Use your preferred packaging workflow—each command installs the dependencies above.

**pip**

```bash
pip install swarmauri_tool_webscraping
```

**Poetry**

```bash
poetry add swarmauri_tool_webscraping
```

**uv**

```bash
# Add to the current project and update uv.lock
uv add swarmauri_tool_webscraping

# or install into the active environment without editing pyproject.toml
uv pip install swarmauri_tool_webscraping
```

> Tip: In containerized or restricted environments ensure outbound HTTPS traffic is permitted; `requests` needs network access to reach target sites.

## Quick Start

```python
from swarmauri_tool_webscraping import WebScrapingTool

scraper = WebScrapingTool()
result = scraper(url="https://example.com", selector="h1")

if "extracted_text" in result:
    print(result["extracted_text"])
else:
    print(result["error"])
```

`extracted_text` concatenates matches separated by newlines.
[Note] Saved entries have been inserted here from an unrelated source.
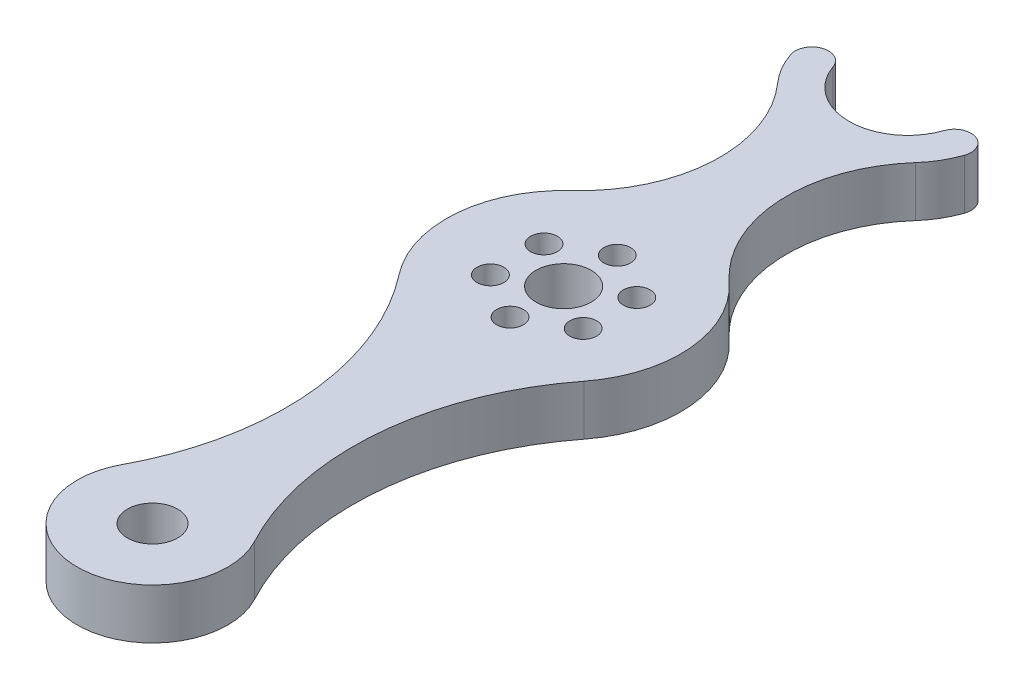
SolidWorks part; units mm, degrees
ref_plane "Front Plane" through (0, 0, 0) normal (0, 0, 1) x (1, 0, 0)
ref_plane "Top Plane" through (0, 0, 0) normal (0, 1, 0) x (1, 0, 0)
ref_plane "Right Plane" through (0, 0, 0) normal (1, 0, 0) x (0, 0, -1)
sketch "Sketch1" plane through (0, 0, 0) normal (0, 1, 0) x (1, 0, 0)
  line L0 (0, -52.0078) -> (0, -44.0078) construction
  circle A0 centre (0, -68.5564) radius 4 construction
  circle A1 centre (0, -68.5564) radius 4 construction
  arc A2 (-4.7216, -63.3885) -> (4.7216, -63.3885) centre (0, -68.5564) ccw
  circle A3 centre (0, -68.5564) radius 7 construction
  circle A4 centre (0, -48.0078) radius 4 construction
  circle A5 centre (0, -68.5564) radius 16.5485 construction
  circle A7 centre (0, -48.0078) radius 3.5 construction
  circle A14 centre (0, -68.5564) radius 1.65 construction
  circle A15 centre (0, -68.5564) radius 1.65
  arc A16 (-5.1989, -49.8026) -> (-4.1113, -51.6613) centre (0, -48.0078) ccw
  arc A17 (-4.1113, -51.6613) -> (-4.7216, -63.3885) centre (-10.3616, -57.2155) cw
  arc A18 (4.1113, -51.6613) -> (4.7216, -63.3885) centre (10.3616, -57.2155) ccw
  arc A19 (5.1989, -49.8026) -> (4.1113, -51.6613) centre (0, -48.0078) cw
  arc A20 (-3.3084, -49.1499) -> (3.3084, -49.1499) centre (0, -48.0078) ccw
  arc A21 (-5.1989, -49.8026) -> (-3.3084, -49.1499) centre (-4.2537, -49.4762) cw
  arc A22 (5.1989, -49.8026) -> (3.3084, -49.1499) centre (4.2537, -49.4762) ccw
  circle A23 centre (0, -68.5564) radius 20.5485 construction
  point P37 (-2, -57.2155)
  point P38 (2, -57.2155)
  dimension "D2" = 1
  dimension "D4" = 4
  dimension "D1" = 0.5
extrude "Boss-Extrude1" add sketch "Sketch1" along normal blind 3
sketch "Sketch2" plane through (0, 0, 0) normal (0, -1, 0) x (1, 0, 0)
  line L0 (0, 52.0078) -> (0, 44.0078) construction
  circle A0 centre (0, 93.1049) radius 1.5
  circle A1 centre (-22.8961, 45.1123) radius 1.5 construction
  arc A2 (-3.9694, 90.985) -> (3.9694, 90.985) centre (0, 93.1049) cw
  arc A3 (-3.9694, 90.985) -> (-5.5233, 72.8568) centre (-18.7014, 83.1171) cw
  arc A4 (4.7216, 63.3885) -> (-4.7216, 63.3885) centre (0, 68.5564) ccw construction
  arc A5 (3.9694, 90.985) -> (5.5233, 72.8568) centre (18.7014, 83.1171) ccw
  arc A6 (-5.5233, 72.8568) -> (5.5233, 72.8568) centre (0, 68.5564) cw
  circle A7 centre (0, 68.5564) radius 24.5485 construction
  point P5 (0, 94.6049)
  point P6 (0, 97.6049)
  point P14 (-2, 83.1171)
  point P17 (2, 83.1171)
  dimension "D2" = 3
extrude "Boss-Extrude2" add sketch "Sketch2" against normal up to surface (3 mm away) up to face at (0, 3, 55.1247)
sketch "Sketch3" plane through (0, 3, 0) normal (0, 1, 0) x (1, 0, 0)
  circle A0 centre (0, -65.3564) radius 0.8
  circle A1 centre (0, -68.5564) radius 4 construction
  circle A2 centre (2.7713, -66.9564) radius 0.8
  circle A3 centre (2.7713, -70.1564) radius 0.8
  circle A4 centre (0, -71.7564) radius 0.8
  circle A5 centre (-2.7713, -70.1564) radius 0.8
  circle A6 centre (-2.7713, -66.9564) radius 0.8
  point P17 (0, -68.5564)
  dimension "D1" = 1.6
  dimension "D2" = 6
extrude "Cut-Extrude1" cut sketch "Sketch3" against normal through all
ref_axis "Axis1" through (0, 3, 93.1049) along (0, -1, 0)

When no elements match the selector, the tool returns an empty string.

## Usage Scenarios

### Monitor Site Copy for Compliance

```python
from swarmauri_tool_webscraping import WebScrapingTool

scraper = WebScrapingTool()
result = scraper(
    url="https://status.vendor.com",
    selector=".uptime-banner"
)

if "error" in result:
    raise RuntimeError(result["error"])

if "maintenance" in result["extracted_text"].lower():
    print("Maintenance notice detected – alert the ops team.")
```

### Inject Live Data Into a Swarmauri Agent Response

```python
from swarmauri_core.agent.Agent import Agent
from swarmauri_core.messages.HumanMessage import HumanMessage
from swarmauri_standard.tools.registry import ToolRegistry
from swarmauri_tool_webscraping import WebScrapingTool

registry = ToolRegistry()
registry.register(WebScrapingTool())
agent = Agent(tool_registry=registry)

message = HumanMessage(content="Check the headline on https://example.com")
response = agent.run(message)
print(response)
```

### Batch Collect Headlines From Multiple Pages

```python
from swarmauri_tool_webscraping import WebScrapingTool

scraper = WebScrapingTool()
urls = [
    "https://news.example.com/tech",
    "https://news.example.com/business",
]

for url in urls:
    result = scraper(url=url, selector="h2.article-title")
    print(url)
    print(result.get("extracted_text", result.get("error")))
    print("---")
```

## Troubleshooting

- **`Request error`** – Network failures, DNS issues, or HTTP 4xx/5xx responses produce `Request error` messages. Verify connectivity, headers, or authentication if required by the site.
- **Empty `extracted_text`** – The selector may not match any nodes. Use browser dev tools to confirm the CSS selector or adjust the parser to target the correct element.
- **SSL certificate problems** – Pass `verify=False` by forking/extending the tool only when you trust the target; otherwise update CA certificates on the host.

## License

`swarmauri_tool_webscraping` is released under the Apache 2.0 License. See `LICENSE` for full details.